***** Excerpted records *****
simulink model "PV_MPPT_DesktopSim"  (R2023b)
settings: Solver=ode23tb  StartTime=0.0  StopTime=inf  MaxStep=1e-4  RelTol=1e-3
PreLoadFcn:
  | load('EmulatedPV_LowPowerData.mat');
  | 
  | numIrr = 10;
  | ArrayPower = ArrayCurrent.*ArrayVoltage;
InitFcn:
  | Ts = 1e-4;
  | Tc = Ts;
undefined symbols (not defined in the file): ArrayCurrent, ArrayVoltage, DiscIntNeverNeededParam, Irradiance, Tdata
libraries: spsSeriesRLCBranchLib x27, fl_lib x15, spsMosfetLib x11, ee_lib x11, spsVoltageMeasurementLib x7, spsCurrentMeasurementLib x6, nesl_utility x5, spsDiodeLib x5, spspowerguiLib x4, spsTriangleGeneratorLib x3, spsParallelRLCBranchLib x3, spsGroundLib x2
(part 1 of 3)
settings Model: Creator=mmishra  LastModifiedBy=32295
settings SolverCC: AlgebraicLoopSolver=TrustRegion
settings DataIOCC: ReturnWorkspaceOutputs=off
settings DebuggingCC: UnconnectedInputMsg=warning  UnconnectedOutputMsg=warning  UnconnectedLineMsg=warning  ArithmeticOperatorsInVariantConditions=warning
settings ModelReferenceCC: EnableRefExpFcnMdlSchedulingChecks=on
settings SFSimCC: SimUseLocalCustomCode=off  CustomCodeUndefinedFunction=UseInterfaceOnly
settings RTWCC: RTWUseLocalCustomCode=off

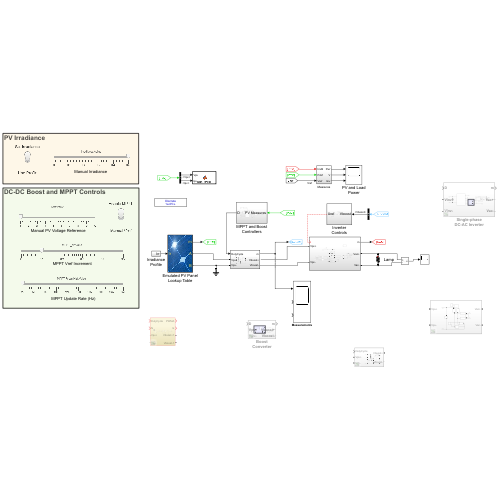
[thumbnail: Simulink's stored preview of the top-level diagram]
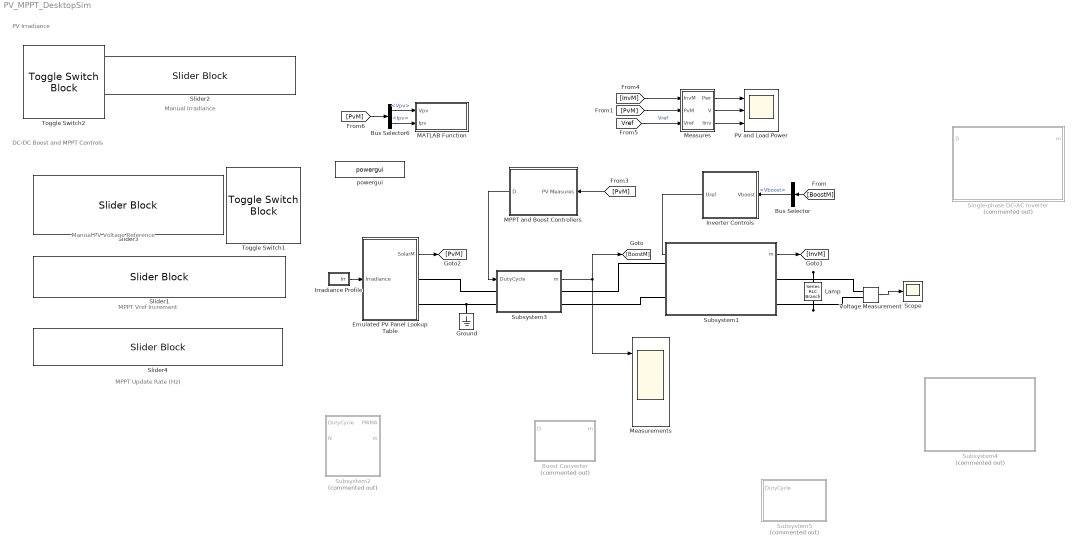
== system PV_MPPT_DesktopSim ==
  note: Manual Irradiance
  note: PV Irradiance
  note: MPPT Update Rate (Hz)
  note: MPPT Vref Increment
  note: DC-DC Boost and MPPT Controls
  note: Manual PV Voltage Reference
  Boost Converter : Subsystem  Commented=on
  Bus Selector : BusSelector  OutputSignals=Vboost
  Bus Selector6 : BusSelector  OutputSignals=Vpv,Ipv
  Emulated PV Panel Lookup Table : Subsystem
      mask Display:
      | image(imread('panel.jpg'))
      | color('yellow')
      | port_label('input',1,'Ir')
      | port_label('output',1,'m')
      | port_label('Rconn',1,'A')
      | port_label('Rconn',2,'B')
  Ground : spsGroundLib/Ground  LConnTagsString=a
  Inverter Controls : Subsystem
  Irradiance Profile : Subsystem
  Lamp : spsSeriesRLCBranchLib/Series RLC Branch  LConnTagsString=__new0  RConnTagsString=__new0  BranchType=R  Resistance=11.5  Inductance=1e-3  SetiL0=off  InitialCurrent=0  Capacitance=1e-6  Setx0=off  InitialVoltage=0  Measurements=None
  MATLAB Function : MATLAB Function  TreatAsAtomicUnit=on  SystemSampleTime=1/20
  MPPT and Boost Controllers : Subsystem
  Measurements : Scope  NumInputPorts=3
  Measures : Subsystem
  PV and Load Power : Scope  NumInputPorts=3
  Scope : Scope
  Single-phase DC-AC Inverter : Subsystem  Commented=on
  Slider1 : SliderBlock  ScaleMax=0.5  TickInterval=0.10000000000000001
  Slider2 : SliderBlock  ScaleMax=0.5  TickInterval=0.10000000000000001
  Slider3 : SliderBlock  ScaleMin=1  ScaleMax=10  TickInterval=1
  Slider4 : SliderBlock  ScaleMin=25  ScaleMax=250  TickInterval=25
  Subsystem1 : Subsystem
  Subsystem2 : Subsystem  Commented=on
  Subsystem3 : Subsystem
  Subsystem4 : Subsystem  Commented=on
  Subsystem5 : Subsystem  Commented=on
  Toggle Switch1 : ToggleSwitchBlock  LabelPosition=Hide
      settings: Values={{'Manual Vref', 'Enable MPPT'}, [0 1]}
  Toggle Switch2 : ToggleSwitchBlock  LabelPosition=Hide
      settings: Values={{'Use Profile', 'Set Irradiance'}, [0 1]}
  Voltage Measurement : spsVoltageMeasurementLib/Voltage Measurement  PhasorSimulation=off  OutputType=Complex  PSBequivalent=0
  powergui : spspowerguiLib/powergui  Priority=1  SimulationMode=Discrete  SampleTime=1e-5  frequency=60  Iterations=50  frequencyindice=0  Pbase=100e6  ErrMax=1e-4  UnitsV=kV  UnitsW=MW  buscounter=0  FunctionMessages=off  echomessages=off  EnableUseOfTLC=off  CurrentSourceSwitches=off  DisableSnubberDevices=off  DisableRonSwitches=off  DisableVfSwitches=off  DisplayEquations=off  AutomaticDiscreteSolvers=off  SolverType=Tustin  Interpol=off  ExternalGateDelay=off  methode=off  Ts=0  x0status=blocks  SPID=off  SwTol=0  HookPort=off  NonlinearTolerance=1e-4  nMaxIteration=100  ContinueOnMaxIteration=off  RestoreLinks=warning  ResistiveCurrentMeasurement=off  Frange=[0:2:500]  Ylog=off  Xlog=on  ShowGrid=off  save=off  variable=ZData  structure=0  ZoomFFT=on  StartTime=0.0  cycles=1  DisplayStyle=1  fundamental=60  FreqAxis=off  MaxFrequency=1000  frequencyindicesteady=1  RmsSteady=1  display=off
  wires:
  Irradiance Profile/1(Irr) -> Emulated PV Panel Lookup Table/1(Irradiance)
  Subsystem1/1(m) -> [InvM]
  Emulated PV Panel Lookup Table/1(SolarM) -> [PvM]
  MPPT and Boost Controllers/1(D) -> Subsystem3/1(DutyCycle)
  Subsystem3/1(m) -> Measurements/1, [BoostM]
  [PvM] -> MPPT and Boost Controllers/1(PV Measures)
  Bus Selector/1 -> Inverter Controls/1(Vboost)  "<Vboost>"
  Inverter Controls/1(Uref) -> ?
  [BoostM] -> Bus Selector/1
  Bus Selector6/1 -> MATLAB Function/1(Vpv)  "<Vpv>"
  Bus Selector6/2 -> MATLAB Function/2(Ipv)  "<Ipv>"
  [PvM] -> Bus Selector6/1
  [InvM] -> Measures/1(InvM)
  [PvM] -> Measures/2(PvM)
  [Vref] -> Measures/3(Vref)  "Vref"
  Measures/1(Pwr) -> PV and Load Power/1
  Measures/2(V) -> PV and Load Power/2
  Measures/3(Iinv) -> PV and Load Power/3
  Voltage Measurement/1 -> Scope/1
  connections:
  Ground/LConn1 -- Subsystem3/LConn2 -- Emulated PV Panel Lookup Table/RConn2
  Subsystem3/LConn1 -- Emulated PV Panel Lookup Table/RConn1
  Lamp/RConn1 -- Subsystem1/RConn2 -- Voltage Measurement/LConn2
  Subsystem3/RConn1 -- Subsystem1/LConn1
  Subsystem3/RConn2 -- Subsystem1/LConn2
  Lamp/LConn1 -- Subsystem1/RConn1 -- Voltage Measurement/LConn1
*****
• Instructions for the task
Everything from the line containing "[InvM] -> Measures/1(InvM)" to the end of the data above should be quoted exactly, please, both ends included, and nothing outside that span.

• Solution
  [InvM] -> Measures/1(InvM)
  [PvM] -> Measures/2(PvM)
  [Vref] -> Measures/3(Vref)  "Vref"
  Measures/1(Pwr) -> PV and Load Power/1
  Measures/2(V) -> PV and Load Power/2
  Measures/3(Iinv) -> PV and Load Power/3
  Voltage Measurement/1 -> Scope/1
  connections:
  Ground/LConn1 -- Subsystem3/LConn2 -- Emulated PV Panel Lookup Table/RConn2
  Subsystem3/LConn1 -- Emulated PV Panel Lookup Table/RConn1
  Lamp/RConn1 -- Subsystem1/RConn2 -- Voltage Measurement/LConn2
  Subsystem3/RConn1 -- Subsystem1/LConn1
  Subsystem3/RConn2 -- Subsystem1/LConn2
  Lamp/LConn1 -- Subsystem1/RConn1 -- Voltage Measurement/LConn1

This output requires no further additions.